Halo.Bungie.Org
- Halo.Bungie.org main page as of October 22, 2011
- Website type: Fansite
- Owner: Bungie.org
- Creator: Claude Errera
- Website: halo.bungie.org
- Registration: none (optional for forum)
- Launched: May 22, 1999

= Halo.Bungie.Org =

Fan website for Halo video game series

Halo.Bungie.Org (HBO) is a fansite created in 1999 by Claude Errera (known online by the pseudonym "Louis Wu", a reference to Ringworld) and two associates as a news site for the Bungie video game Halo: Combat Evolved. The site was started in 1999 as Blam.bungie.org based on the project's development name before it was called Halo. The site covers all Halo properties (including those associated with 343 Industries) and posts game news, rumors, and fan art and videos.

Halo.Bungie.Org grew to become the most widely read Halo fansite, receiving about 600,000 page views a day in 2007. While his cofounders ceased involvement in the site, Errera continued to update the site with the occasional assistance of others. Aside from contests, Halo.Bungie.Org also coordinates charitable endeavors and fundraisers.

==History==
Claude Errera and several friends created bungie.org for developer Bungie's other video games, namely Marathon, in 1998. Before bungie.org, Errera had been involved in other Bungie-related sites. Halo.bungie.org began as "blam.bungie.org" on May 22, 1999, after information about what was to become Halo was leaked soon after the Electronic Entertainment Expo in 1999.

While Errera had used his real name for previous Bungie sites, his cofounder wanted to remain anonymous. At the time, little was known about the new project other than that it was set on a ringworld—a massive ring-shaped habitat. As such, the site founders took aliases from Larry Niven's novel Ringworld; Errera assumed the name "Louis Wu", after the novel's protagonist. Though the universe's Halo megastructures turned out to have more in common with Iain Banks' Orbitals, the aliases stuck and it was too late to change them. The first Halo trailer was unveiled in July 1999, and the site was renamed. Errera and the other founders searched the web for information and provided a place on Halo.bungie.org for fans to discuss and contribute.

Over time one member of staff dropped out followed by another shortly after Bungie's acquisition by Microsoft, leaving Errera the sole webmaster and the main force on the site. Errera says that the only reason he has become known as the "Godfather" of Halo is due his long-term presence in the community. Halo.Bungie.Org is unusual among large non-commercial sites in having no paid advertisements of any kind on any portion of the pages.

==Overview==
Halo.bungie.org received about 600,000 page views a day in 2007. The site covers game news and rumors, strategy, fan-made machinima, stories and art, contests and forums. In the site's early years, it received only a small amount of fan-submitted material, which ballooned and made constant site maintenance a challenge. Errera attributed the site's longevity to the fact that it provided fans with not just Halo news but a place to share their love of the franchise. At a time when there was no easy video sharing via YouTube, Halo.bungie.org posted and categorized Halo films that fans submitted.

Each day, Errera read through the Halo.Bungie.Org forums, looking for interesting items to put on the news page and monitoring comments. He then checked other Halo and gaming-related sites for more news. He also approves fan movies or artwork and updates batches of new submitted content. Errera credits the site's success to its longevity; "When you’re there from the beginning, and you add new content every day, folks tend to come back," he said.

==Recognition and charity==
Bungie has a strong relationship with bungie.org and called the page the ultimate Halo fansite.
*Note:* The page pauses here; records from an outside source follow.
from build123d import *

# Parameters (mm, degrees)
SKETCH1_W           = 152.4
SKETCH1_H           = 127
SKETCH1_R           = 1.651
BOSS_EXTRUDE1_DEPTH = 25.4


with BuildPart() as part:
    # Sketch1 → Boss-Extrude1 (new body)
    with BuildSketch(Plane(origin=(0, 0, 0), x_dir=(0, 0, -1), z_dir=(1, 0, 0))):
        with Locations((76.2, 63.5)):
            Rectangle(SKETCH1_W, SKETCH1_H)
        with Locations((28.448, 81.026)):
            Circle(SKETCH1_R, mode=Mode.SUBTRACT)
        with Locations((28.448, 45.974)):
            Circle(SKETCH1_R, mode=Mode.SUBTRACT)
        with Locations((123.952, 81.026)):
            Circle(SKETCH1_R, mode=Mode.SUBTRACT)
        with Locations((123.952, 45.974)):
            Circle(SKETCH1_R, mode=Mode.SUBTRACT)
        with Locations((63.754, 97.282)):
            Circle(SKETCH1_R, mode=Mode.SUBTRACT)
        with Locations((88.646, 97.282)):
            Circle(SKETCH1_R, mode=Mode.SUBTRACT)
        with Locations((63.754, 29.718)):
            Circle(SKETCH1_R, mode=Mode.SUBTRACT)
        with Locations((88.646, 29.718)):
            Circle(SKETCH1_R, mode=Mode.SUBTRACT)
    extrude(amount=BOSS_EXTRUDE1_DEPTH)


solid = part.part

Halo.bungie.org is listed as a source on Bungie's project pages; Bungie employees frequent the Halo.bungie.org forums, often to point out a new Bungie update or answer questions from fans. Halo.bungie.org often receives promotional items from Bungie to give away in various contests. Halo Franchise development lead and former Bungie staffer Frank O'Connor noted that when he started at Bungie, HBO was included in the company's orientation. Its administrators and members have been repeatedly quoted in mainstream publications.

Errera has been interviewed numerous times by gaming sites such as Microsoft's Xbox.com and mainstream media organizations such as CBS and the BBC. The site was nominated for IGN's "best fansite" award in 2005.

Halo.bungie.org has used its notability to conduct several fundraisers for various causes, including raising money for Hurricane Katrina disaster relief. The site's members took part in a massive effort by the Halo community to raise money, primarily through selling collectible items through eBay auctions. These auctions raised just under $11,000 for the relief effort. Members of the community also chipped in through personal means; one member held a charity Xbox live night and raised $139. In 2003, following news that community member Brian Morden's cancer had returned, the community decided to set up a donation fund to support him. Although Brian died later that year, the fund became the Brian Morden Memorial Fund.